Now there is no one unaffected. Overnight, last night, I received 334 e-mail messages and the majority were spam, the "Keep-Your-Septic-Tank-Running-Like-Brand-New" type of spam … and there were plenty of the sordid, source-of-embarrassment types, as well. Worse, it only takes a little bit of research to reveal an IT world full of solutions that may be worse than the problem. (Read on for some examples.)

Even though we still can have a sense of humor about spam, I think it's time for higher education to have a Spam Summit. Time to get our brightest minds together—just like we are doing for cybersecurity—to define the issues unique to higher education, and put our institutions' research and programming abilities to work!
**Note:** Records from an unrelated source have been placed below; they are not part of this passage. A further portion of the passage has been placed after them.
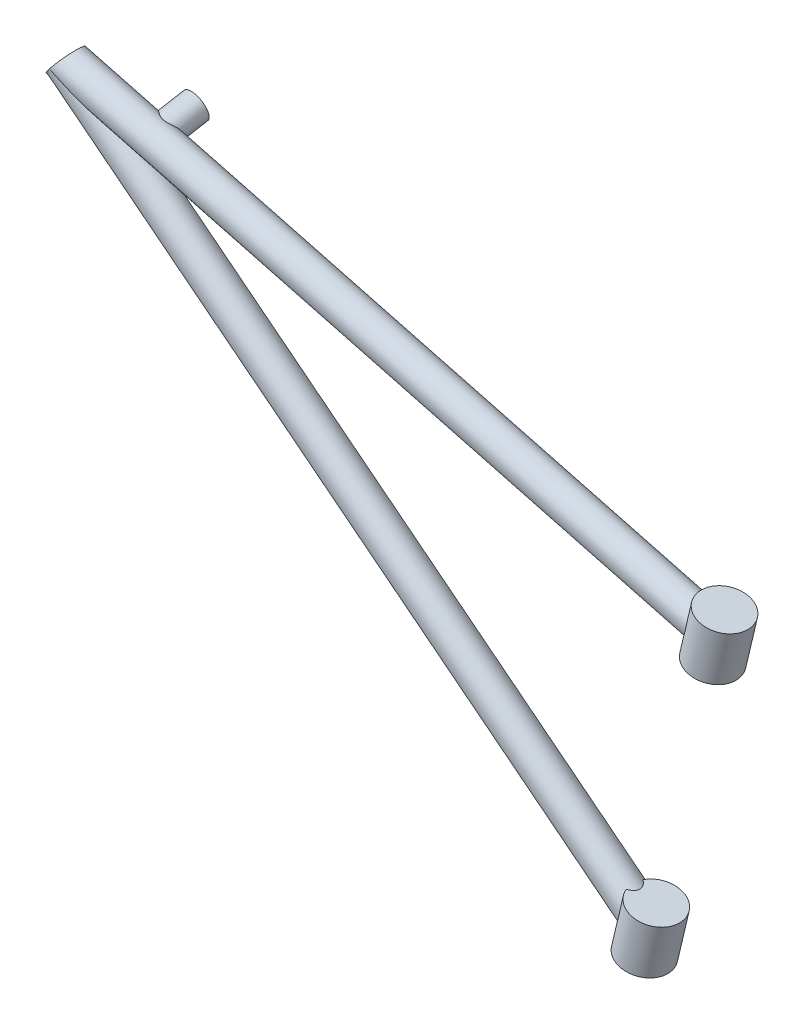
ISO-10303-21;
HEADER;
FILE_DESCRIPTION(('STEP AP214'),'2;1');
FILE_NAME('part.step','',(''),(''),'','','');
FILE_SCHEMA(('AUTOMOTIVE_DESIGN { 1 0 10303 214 1 1 1 1 }'));
ENDSEC;
DATA;
#1=APPLICATION_CONTEXT('core data for automotive mechanical design processes');
#2=APPLICATION_PROTOCOL_DEFINITION('international standard','automotive_design',2000,#1);
#3=PRODUCT_CONTEXT('',#1,'mechanical');
#4=PRODUCT('Part','Part','',(#3));
#5=PRODUCT_RELATED_PRODUCT_CATEGORY('part','',(#4));
#6=PRODUCT_DEFINITION_FORMATION('','',#4);
#7=PRODUCT_DEFINITION_CONTEXT('part definition',#1,'design');
#8=PRODUCT_DEFINITION('design','',#6,#7);
#9=PRODUCT_DEFINITION_SHAPE('','',#8);
#10=(LENGTH_UNIT() NAMED_UNIT(*) SI_UNIT(.MILLI.,.METRE.));
#11=(NAMED_UNIT(*) PLANE_ANGLE_UNIT() SI_UNIT($,.RADIAN.));
#12=(NAMED_UNIT(*) SI_UNIT($,.STERADIAN.) SOLID_ANGLE_UNIT());
#13=UNCERTAINTY_MEASURE_WITH_UNIT(LENGTH_MEASURE(1.E-05),#10,'distance_accuracy_value','');
#14=(GEOMETRIC_REPRESENTATION_CONTEXT(3) GLOBAL_UNCERTAINTY_ASSIGNED_CONTEXT((#13)) GLOBAL_UNIT_ASSIGNED_CONTEXT((#10,
#11,#12)) REPRESENTATION_CONTEXT('',''));
#15=CARTESIAN_POINT('',(0.,0.,0.));
#16=DIRECTION('',(0.,0.,1.));
#17=DIRECTION('',(1.,0.,0.));
#18=AXIS2_PLACEMENT_3D('',#15,#16,#17);
#19=CARTESIAN_POINT('',(-215.,1151.6011,-53.649));
#20=DIRECTION('',(-0.788508643665139,0.615015858971912,-0.00310033520835739));
#21=DIRECTION('',(-0.615018814783549,-0.788512433295911,0.));
#22=AXIS2_PLACEMENT_3D('',#19,#20,#21);
#23=CYLINDRICAL_SURFACE('',#22,9.525);
#24=CARTESIAN_POINT('',(-243.39562055654,1173.74893199642,-53.7606486710474));
#25=DIRECTION('',(0.230684760062267,0.973028498209276,0.000288353283411398));
#26=DIRECTION('',(-0.973022198051878,0.230684316193179,-0.00354236655039736));
#27=AXIS2_PLACEMENT_3D('',#24,#25,#26);
#28=ELLIPSE('',#27,22.8674930535986,9.525);
#29=CARTESIAN_POINT('',(-224.286262085042,1169.21993073521,-58.5827833271125));
#30=VERTEX_POINT('',#29);
#31=CARTESIAN_POINT('',(-224.320634321341,1169.225180437,-48.7995007985225));
#32=VERTEX_POINT('',#31);
#33=EDGE_CURVE('E105',#30,#32,#28,.F.);
#34=ORIENTED_EDGE('',*,*,#33,.F.);
#35=CARTESIAN_POINT('',(-224.320634321341,1169.225180437,-48.7995007985225));
#36=CARTESIAN_POINT('',(-224.295289207423,1169.09059523989,-48.6485355594731));
#37=CARTESIAN_POINT('',(-224.269502594691,1168.95160987775,-48.5016369115154));
#38=CARTESIAN_POINT('',(-224.217460516379,1168.66584174725,-48.2158483730908));
#39=CARTESIAN_POINT('',(-224.191205277724,1168.51906268832,-48.0769547371071));
#40=CARTESIAN_POINT('',(-224.138667081962,1168.21887651433,-47.8071750004393));
#41=CARTESIAN_POINT('',(-224.112384280659,1168.06548298792,-47.6762737035536));
#42=CARTESIAN_POINT('',(-224.060117173359,1167.75254967428,-47.4219621247782));
#43=CARTESIAN_POINT('',(-224.034132907183,1167.59300907918,-47.298552833037));
#44=CARTESIAN_POINT('',(-223.957136973827,1167.10586534488,-46.9390216085571));
#45=CARTESIAN_POINT('',(-223.907125055243,1166.76998067498,-46.713809774104));
#46=CARTESIAN_POINT('',(-223.81276926608,1166.08036007492,-46.2910710180656));
#47=CARTESIAN_POINT('',(-223.768428441769,1165.72661469185,-46.0935589701565));
#48=CARTESIAN_POINT('',(-223.692482337151,1165.03900047878,-45.7430462401006));
#49=CARTESIAN_POINT('',(-223.660064521758,1164.70646741956,-45.5875949874824));
#50=CARTESIAN_POINT('',(-223.605247829181,1164.03125571281,-45.2985848887143));
#51=CARTESIAN_POINT('',(-223.582847710299,1163.68857832828,-45.1650233306261));
#52=CARTESIAN_POINT('',(-223.551264109419,1162.99483116172,-44.9203286610457));
#53=CARTESIAN_POINT('',(-223.542073917122,1162.64376573279,-44.8091841869413));
#54=CARTESIAN_POINT('',(-223.540654640744,1161.93511851939,-44.6105914566239));
#55=CARTESIAN_POINT('',(-223.548419527181,1161.57753909623,-44.5231347890997));
#56=CARTESIAN_POINT('',(-223.591728976539,1160.73355915383,-44.3483048364498));
#57=CARTESIAN_POINT('',(-223.635922136758,1160.2452175784,-44.2713397563707));
#58=CARTESIAN_POINT('',(-223.739698948793,1159.51439261035,-44.1973134032289));
#59=CARTESIAN_POINT('',(-223.780506030959,1159.27120005024,-44.1795398917238));
#60=CARTESIAN_POINT('',(-223.875854045727,1158.78678991507,-44.1590549988136));
#61=CARTESIAN_POINT('',(-223.930395042434,1158.54557234923,-44.1563436877163));
#62=CARTESIAN_POINT('',(-224.054871038112,1158.06405215677,-44.1673837542468));
#63=CARTESIAN_POINT('',(-224.12500107534,1157.82380433931,-44.181354500947));
#64=CARTESIAN_POINT('',(-224.280401330248,1157.34999089194,-44.2273617054836));
#65=CARTESIAN_POINT('',(-224.365670871451,1157.11642496401,-44.2593973562663));
#66=CARTESIAN_POINT('',(-224.550567614918,1156.65864283163,-44.3423936701185));
#67=CARTESIAN_POINT('',(-224.650187433858,1156.43442189516,-44.3933446222576));
#68=CARTESIAN_POINT('',(-224.86212569037,1155.99750936304,-44.5145483765032));
#69=CARTESIAN_POINT('',(-224.974442851189,1155.78481661139,-44.5847992389658));
#70=CARTESIAN_POINT('',(-225.191087424431,1155.40463409945,-44.7320466579948));
#71=CARTESIAN_POINT('',(-225.293959076843,1155.23524453879,-44.80631437343));
#72=CARTESIAN_POINT('',(-225.50528074953,1154.9065164519,-44.9681794158287));
#73=CARTESIAN_POINT('',(-225.613732938815,1154.74718188818,-45.0557819519947));
#74=CARTESIAN_POINT('',(-225.834357534689,1154.43893292305,-45.2438062320331));
#75=CARTESIAN_POINT('',(-225.946531105204,1154.29002182791,-45.3442320151155));
#76=CARTESIAN_POINT('',(-226.172751379729,1154.00271207689,-45.5572829491347));
#77=CARTESIAN_POINT('',(-226.286798308782,1153.8643146954,-45.6699095749595));
#78=CARTESIAN_POINT('',(-226.521059223594,1153.59087193904,-45.912967181198));
#79=CARTESIAN_POINT('',(-226.641280572878,1153.45639033468,-46.0440245602015));
#80=CARTESIAN_POINT('',(-226.880011711337,1153.19866386453,-46.3181683650363));
#81=CARTESIAN_POINT('',(-226.998521482131,1153.07541911934,-46.4612549199345));
#82=CARTESIAN_POINT('',(-227.232179016608,1152.8397918452,-46.7587406524558));
#83=CARTESIAN_POINT('',(-227.347325968949,1152.72741192273,-46.9131425290829));
#84=CARTESIAN_POINT('',(-227.57271586912,1152.51320348435,-47.2324871004078));
#85=CARTESIAN_POINT('',(-227.682958494457,1152.41137566175,-47.3974304865487));
#86=CARTESIAN_POINT('',(-227.91478883551,1152.2020582696,-47.7650609369957));
#87=CARTESIAN_POINT('',(-228.035261038146,1152.0963912512,-47.9694943631884));
#88=CARTESIAN_POINT('',(-228.265752160391,1151.89856614401,-48.3904502736869));
#89=CARTESIAN_POINT('',(-228.375770122552,1151.80640929212,-48.6069738623902));
#90=CARTESIAN_POINT('',(-228.583652833395,1151.63530590534,-49.0509046031115));
#91=CARTESIAN_POINT('',(-228.681513852451,1151.55636342192,-49.2783150656136));
#92=CARTESIAN_POINT('',(-228.863515556458,1151.41154684608,-49.7425923124705));
#93=CARTESIAN_POINT('',(-228.947656277923,1151.3456727189,-49.9794590716571));
#94=CARTESIAN_POINT('',(-229.104160202246,1151.22436656883,-50.4714355906892));
#95=CARTESIAN_POINT('',(-229.175870386422,1151.16949773997,-50.7268927878857));
#96=CARTESIAN_POINT('',(-229.30170568039,1151.07381374639,-51.2446931910341));
#97=CARTESIAN_POINT('',(-229.355830136662,1151.03299910395,-51.507036652501));
#98=CARTESIAN_POINT('',(-229.445529959469,1150.96543066709,-52.0366091980168));
#99=CARTESIAN_POINT('',(-229.481109122684,1150.93867399466,-52.3038372704605));
#100=CARTESIAN_POINT('',(-229.533094783594,1150.89922397472,-52.841176424877));
#101=CARTESIAN_POINT('',(-229.549502067782,1150.88653005032,-53.1112873881254));
#102=CARTESIAN_POINT('',(-229.562602852696,1150.87542087448,-53.6424212189688));
#103=CARTESIAN_POINT('',(-229.55999265743,1150.87650236565,-53.9034167434214));
#104=CARTESIAN_POINT('',(-229.536731293886,1150.89173055095,-54.4242151822462));
#105=CARTESIAN_POINT('',(-229.516080545401,1150.90587694106,-54.6840181242275));
#106=CARTESIAN_POINT('',(-229.457074051506,1150.94722348577,-55.2005289023706));
#107=CARTESIAN_POINT('',(-229.418719841866,1150.97442250805,-55.4572370050269));
#108=CARTESIAN_POINT('',(-229.324926596394,1151.04186428499,-55.9657687486384));
#109=CARTESIAN_POINT('',(-229.269487466396,1151.08210711153,-56.2175923626644));
#110=CARTESIAN_POINT('',(-229.142935316919,1151.17525683397,-56.7125894774502));
#111=CARTESIAN_POINT('',(-229.071954994863,1151.22805682198,-56.9558170972995));
#112=CARTESIAN_POINT('',(-228.915166201555,1151.34653272991,-57.4342155058911));
#113=CARTESIAN_POINT('',(-228.829357822413,1151.41220856983,-57.6693863446706));
#114=CARTESIAN_POINT('',(-228.644188865129,1151.55656830355,-58.1303353799106));
#115=CARTESIAN_POINT('',(-228.544822192596,1151.63525805041,-58.3561092925963));
#116=CARTESIAN_POINT('',(-228.334087726109,1151.80580566917,-58.7968231124242));
#117=CARTESIAN_POINT('',(-228.222719654651,1151.89766384557,-59.0117627688809));
#118=CARTESIAN_POINT('',(-227.985290757245,1152.09856074262,-59.4374765664712));
#119=CARTESIAN_POINT('',(-227.858833402729,1152.20811807729,-59.6477852583267));
#120=CARTESIAN_POINT('',(-227.597000050461,1152.44215985744,-60.054091947955));
#121=CARTESIAN_POINT('',(-227.461623346321,1152.56664548585,-60.2500888096738));
#122=CARTESIAN_POINT('',(-227.184445881784,1152.83104256014,-60.6264138271711));
#123=CARTESIAN_POINT('',(-227.042647077319,1152.97094932768,-60.8067467054395));
#124=CARTESIAN_POINT('',(-226.755363006274,1153.26681642774,-61.1505013351463));
#125=CARTESIAN_POINT('',(-226.609878432523,1153.42277375979,-61.3139262359179));
#126=CARTESIAN_POINT('',(-226.342824344719,1153.72371503972,-61.5966577360825));
#127=CARTESIAN_POINT('',(-226.221339018976,1153.86614781129,-61.7187655348228));
#128=CARTESIAN_POINT('',(-225.979981444149,1154.16271310562,-61.9496161814568));
#129=CARTESIAN_POINT('',(-225.860108896456,1154.31684342644,-62.0583615346306));
#130=CARTESIAN_POINT('',(-225.624229262011,1154.63663394021,-62.2616660803098));
#131=CARTESIAN_POINT('',(-225.508217755384,1154.80228022846,-62.3562419603986));
#132=CARTESIAN_POINT('',(-225.282089586541,1155.14495226779,-62.5307434214336));
#133=CARTESIAN_POINT('',(-225.17197291344,1155.32197799786,-62.6106690294297));
#134=CARTESIAN_POINT('',(-224.959190023712,1155.68761446855,-62.7557996087947));
#135=CARTESIAN_POINT('',(-224.856564468665,1155.87627946014,-62.8209277883119));
#136=CARTESIAN_POINT('',(-224.661237833143,1156.26318881536,-62.9357724147125));
#137=CARTESIAN_POINT('',(-224.568536377274,1156.46143281624,-62.9854894446814));
#138=CARTESIAN_POINT('',(-224.394434085732,1156.86594068026,-63.0696863707433));
#139=CARTESIAN_POINT('',(-224.313032947956,1157.07220432882,-63.1041666742283));
#140=CARTESIAN_POINT('',(-224.162300581922,1157.49097492688,-63.1584073059781));
#141=CARTESIAN_POINT('',(-224.092970598108,1157.70348251746,-63.1781661172562));
#142=CARTESIAN_POINT('',(-223.957854047408,1158.16246560266,-63.2055004800131));
#143=CARTESIAN_POINT('',(-223.893867153004,1158.40959214042,-63.2110259573232));
#144=CARTESIAN_POINT('',(-223.781156826037,1158.90708309515,-63.2054279177171));
#145=CARTESIAN_POINT('',(-223.732435891857,1159.15744803513,-63.1943016773491));
#146=CARTESIAN_POINT('',(-223.648963411181,1159.65993837552,-63.1568028848643));
#147=CARTESIAN_POINT('',(-223.614245946277,1159.91206656964,-63.1303935121607));
#148=CARTESIAN_POINT('',(-223.557424839203,1160.4159253131,-63.0636288551156));
#149=CARTESIAN_POINT('',(-223.535325708187,1160.6676556882,-63.0232685914876));
#150=CARTESIAN_POINT('',(-223.493975928202,1161.29297924496,-62.9067113291572));
#151=CARTESIAN_POINT('',(-223.481481689577,1161.66556564527,-62.8226533010995));
#152=CARTESIAN_POINT('',(-223.475960464991,1162.40411320297,-62.6287679695519));
#153=CARTESIAN_POINT('',(-223.48294217018,1162.77007132916,-62.5189291814144));
#154=CARTESIAN_POINT('',(-223.51200981016,1163.49347214513,-62.2750042212048));
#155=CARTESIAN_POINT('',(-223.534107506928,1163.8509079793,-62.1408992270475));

Research and learning is all about communication. We communicate with potential students and their parents, with students, with alumni, between and among staff and faculty. We e-mail for learning and we also manage through e-mail. We collaborate on research and we communicate findings via e-mail. We've been at the forefront of e-mail use for decades. But, until recently, ".edu" e-mail addresses seemed to be spared the bulk of the spammers' attention. No more.

I sent my first e-mail message in the early 1970s. I didn't know it was e-mail, or really understand what I was doing, but I was lucky enough to be in the right place at the right time. No one at the time knew how important e-mail would become. I could quote statistics but instead I'll just ask you to read this sentence, then close your eyes for 30 seconds and imagine carrying it out: Turn off your e-mail client for the next week and carry on with all of your diverse communication threads via only the telephone, postal mail, or face-to-face conversations.

Okay, that makes the point. We're stuck with e-mail, and right now that means for many of us, tons of spam. As IT managers, we not only have to deal with users' functionality that is e-mail-specific, we have to worry about legal obligations being adjudicated and legislated. You know those pornographic spam messages, where you actually see the obscene material before you can delete them? Well, in the very near future, if not now, any person on your faculty or staff who considers themselves to be particularly sensitive to the material, or offended by it, might be able to either make you ensure they receive no more of it or turn off your e-mail system. So, soon, whether we like the solutions or not, we're going to have to impose them.

Services that detect mass e-mails of all kinds run the risk of rejecting messages that subscribers want. My employer has one of the longest-running e-mail newsletters on the Internet—it's been transmitting since 1987. But, like many other good things, its existence may be threatened—not by spam, but by counter-spam procedures. Rejections by mail servers of our 10,000+ subscribers have been increasing monthly.